Something "Instant" and Bruce Nauman "Disappearing Acts" MoMA Museum | ENG

All fake flowers on real soil.





















The other day, I heard someone described meaning of "Instant" of Instant Camera that
"Instant means you have to wait." -Unknown
「インスタントとは、少しの間、待たないといけないと言う事だよ。」

I really like this words that I heard in a conversation of strangers when I was with my instant camera. 
It is just so true. You have to wait for a bit, otherwise what you will see in your hands is only blank white.

                                  ____________________________________________

This past Tuesday morning, I went to MoMA Museum and saw the Bruce Nauman "Disappearing Acts" for the second time.
I took some photos of works to share in this, four main works (I thought they were main works when I visited for the first time) I do not have all work here, as I did not take any photos this time. As a second time visitor I found more interest in other works. All works I did not take photos at my first visit are here (well actually there is one work that I took at the both visit).

There are so much more work that is not featured in this blog. It is worth a visit to check out if you have not yet already. Probably those are the ones you also remember well if you already visited or the one that took photos of.

The show is on view until February 25, 2019. This time I found that there are also new additions(?) at permanent collection (I believe they are permanent) that I haven't seen before at MoMA, so it really worth to visit and check out their collections.

Why did I came twice? I actually just went in to quickly see the lovely Water Lilies painting by Claude Monet painting. There are always so many weeds and flowers in a museum but they are never too many.




A Quote about Bruce Nauman Exhibition from MoMA official website:

“I’ve always had overlapping ways of going about my work,” Bruce Nauman once remarked. “I’ve never been able to stick to one thing.” For more than 50 years, he has worked in every conceivable artistic medium, dissolving established genres and inventing new ones in the process. His expanded notion of sculpture admits wax casts and neon signs, bodily contortions and immersive video environments. Coming of age amid the political and social upheavals of the 1960s, Nauman never adhered to rigid distinctions between the arts, but rather has staked his career on “investigating the possibilities of what art may be.”

To read full writing you can visit here.



The Entrance and the texts on wall...




As always this is my personal record of visited exhibition. It is mostly photos of works and texts from the exhibition, rather than my review. For you as a royal visitor of my blog, you can see an exhibition from another living artist's perspective. 
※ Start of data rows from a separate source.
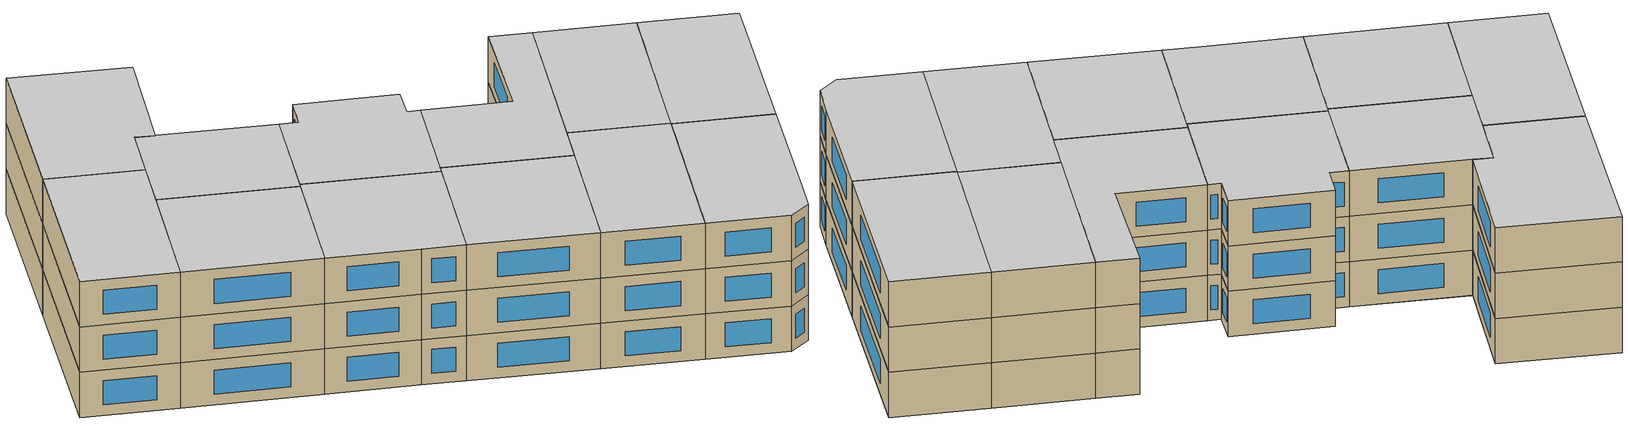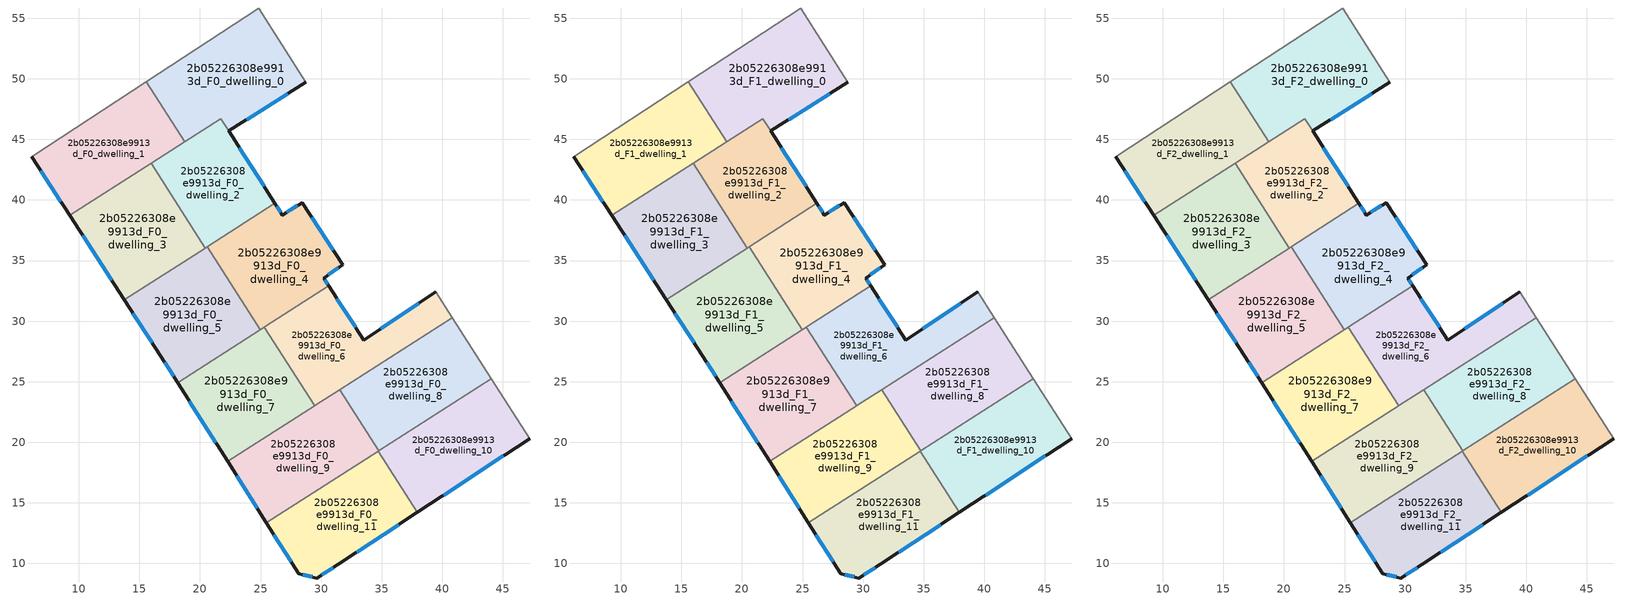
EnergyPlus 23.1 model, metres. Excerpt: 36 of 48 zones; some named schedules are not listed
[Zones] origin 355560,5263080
2b05226308e9913d_F0_dwelling_0
 floor ground (EU_floor_Construction): 24.86,55.85 28.72,49.7 22.36,45.7 21.72,46.7 18.75,44.8 15.57,49.76 z0
 wall outside (EU_wall_Construction): 22.36,45.7 28.72,49.7 z0:3
 wall to 2b05226308e9913d_F0_dwelling_1 (EU_wall_Construction): 15.57,49.76 18.75,44.8 z0:3
 wall adiabatic (EU_wall_Construction): 28.72,49.7 24.86,55.85 15.57,49.76 z0:3
 wall to 2b05226308e9913d_F0_dwelling_2 (EU_wall_Construction): 18.75,44.8 21.72,46.7 22.36,45.7 z0:3
 window (EU_Window_Construction): 23.86,46.64 27.23,48.76 z0.7:2.3
2b05226308e9913d_F0_dwelling_1
 floor ground (EU_floor_Construction): 15.57,49.76 18.75,44.8 9.25,38.72 6.11,43.57 z0
 wall outside (EU_wall_Construction): 6.11,43.57 9.25,38.72 z0:3
 wall adiabatic (EU_wall_Construction): 15.57,49.76 6.11,43.57 z0:3
 wall to 2b05226308e9913d_F0_dwelling_3 (EU_wall_Construction): 9.25,38.72 15.96,43.02 z0:3
 wall to 2b05226308e9913d_F0_dwelling_2 (EU_wall_Construction): 15.96,43.01 18.75,44.8 z0:3
 window (EU_Window_Construction): 6.85,42.43 8.51,39.86 z0.7:2.3
2b05226308e9913d_F0_dwelling_10
 floor ground (EU_floor_Construction): 44.05,25.25 47.23,20.3 37.95,14.21 34.71,19.27 z0
 wall outside (EU_wall_Construction): 37.95,14.21 47.23,20.3 z0:3
 wall adiabatic (EU_wall_Construction): 47.23,20.3 44.05,25.25 z0:3
 wall to 2b05226308e9913d_F0_dwelling_11 (EU_wall_Construction): 34.71,19.27 37.95,14.21 z0:3
 wall to 2b05226308e9913d_F0_dwelling_8 (EU_wall_Construction): 44.05,25.25 34.77,19.31 z0:3
 wall to 2b05226308e9913d_F0_dwelling_9 (EU_wall_Construction): 34.77,19.31 34.71,19.27 z0:3
 window (EU_Window_Construction): 40.13,15.64 45.05,18.87 z0.7:2.3
2b05226308e9913d_F0_dwelling_11
 floor ground (EU_floor_Construction): 34.71,19.27 37.95,14.21 31.4,9.92 29.63,8.79 28.14,9.16 25.48,13.36 z0
 wall outside (EU_wall_Construction): 25.48,13.36 28.14,9.16 29.63,8.79 31.4,9.92 37.95,14.21 z0:3
 wall to 2b05226308e9913d_F0_dwelling_9 (EU_wall_Construction): 34.71,19.27 25.48,13.36 z0:3
 window (EU_Window_Construction): 26.11,12.38 27.52,10.15 / 32.94,10.93 36.41,13.21 / 30.05,9.06 30.99,9.65 / 28.49,9.08 29.28,8.88 z0.7:2.3
2b05226308e9913d_F0_dwelling_2
 floor ground (EU_floor_Construction): 21.72,46.7 26.19,39.71 20.43,36.03 15.96,43.01 z0
 wall outside (EU_wall_Construction): 26.19,39.71 22.36,45.7 z0:3
 wall to 2b05226308e9913d_F0_dwelling_3 (EU_wall_Construction): 15.96,43.01 20.43,36.03 z0:3
 wall to 2b05226308e9913d_F0_dwelling_4 (EU_wall_Construction): 20.61,36.14 26.19,39.71 z0:3
 wall to 2b05226308e9913d_F0_dwelling_5 (EU_wall_Construction): 20.43,36.03 20.61,36.14 z0:3
 window (EU_Window_Construction): 25.29,41.12 23.26,44.29 z0.7:2.3
2b05226308e9913d_F0_dwelling_3
 floor ground (EU_floor_Construction): 15.96,43.01 20.43,36.03 13.76,31.75 9.25,38.72 z0
 wall outside (EU_wall_Construction): 9.25,38.72 13.76,31.75 z0:3
 wall to 2b05226308e9913d_F0_dwelling_5 (EU_wall_Construction): 13.76,31.75 20.43,36.03 z0:3
 window (EU_Window_Construction): 10.31,37.08 12.7,33.39 z0.7:2.3
2b05226308e9913d_F0_dwelling_4
 floor ground (EU_floor_Construction): 28.42,39.79 31.78,34.65 30.21,33.55 30.63,32.91 24.99,29.3 20.61,36.14 26.19,39.71 26.8,38.75 z0
 wall outside (EU_wall_Construction): 30.63,32.91 30.21,33.55 31.78,34.65 28.42,39.79 26.8,38.75 26.19,39.71 z0:3
 wall to 2b05226308e9913d_F0_dwelling_5 (EU_wall_Construction): 20.61,36.14 24.99,29.3 z0:3
 wall to 2b05226308e9913d_F0_dwelling_6 (EU_wall_Construction): 25.31,29.5 25.35,29.53 30.63,32.91 z0:3
 wall to 2b05226308e9913d_F0_dwelling_7 (EU_wall_Construction): 24.99,29.3 25.31,29.5 z0:3
 window (EU_Window_Construction): 30.99,35.86 29.21,38.58 / 30.58,33.81 31.41,34.39 / 30.53,33.06 30.31,33.4 / 26.66,38.98 26.33,39.49 / 28.04,39.55 27.18,39 z0.7:2.3
2b05226308e9913d_F0_dwelling_5
 floor ground (EU_floor_Construction): 20.61,36.14 24.99,29.3 18.16,24.92 16.77,27.11 13.76,31.75 z0
 wall outside (EU_wall_Construction): 13.76,31.75 16.77,27.11 18.16,24.92 z0:3
 wall to 2b05226308e9913d_F0_dwelling_7 (EU_wall_Construction): 18.16,24.92 24.99,29.3 z0:3
 window (EU_Window_Construction): 17.1,26.6 17.83,25.44 / 14.47,30.66 16.07,28.2 z0.7:2.3
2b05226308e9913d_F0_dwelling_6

Some of the works and texts from the first room...












Some of the works and texts from the second room and the rest of rooms....

















What I see in his work is his outstanding experimental spirit that lead him to discover the right way to execute his ideas, interests, and thoughts using different materials and objects as tools. I feel that his work, as a  visual language, is very successful in result that they communicate with audience quite accurately.


Uonfunctional chairs




This kind of work is difficult to know how close I am allowed to be. There is no wire or mark on floor. The rule is that you can get close until right before you feel the security get closer to you. 



View from right side of the model

View from right side of the model

View from front of the model, the right end is closed.


The right side of the model is closed and does not take in any light. The drawing below looks like about the model above but in this drawing four ways are open. 





The note says something like "you have to ask the museum employee to open the door, and there is only one person allowed per hour that can go in to this door."




This is my personal favorite piece made with cardboard.



Work and texts from Last room...


each plate make sound like speaker and different individuals' voices speak. The structure is very simple. It is like paper cup with string. Each voice in different gender and age repeats "Monday, Tuesday, Wednesday...."



And one more set work at right outside the exhibition space that I did not realize first time...












I will include two additional works from different artists to end this blog. 

In 1939, Edward Hopper painted "New York Moves",  and same year Frida Kahlo added mirror with painted mirror frame to her portrait painting "Fulang-Chang and I"(1937).
Each artist lives and has lived in different experiences and encounters and such unique conditions have made them create unique works. Often we find works from different artists from same year at a  same museum.

I wonder if it is good or bad, but it is not really about good or bad. 
We could read something by looking at many works by artists. But not always those artists shares something when they made the works. 
Sometime I feel that museums are very unusual, surreal space.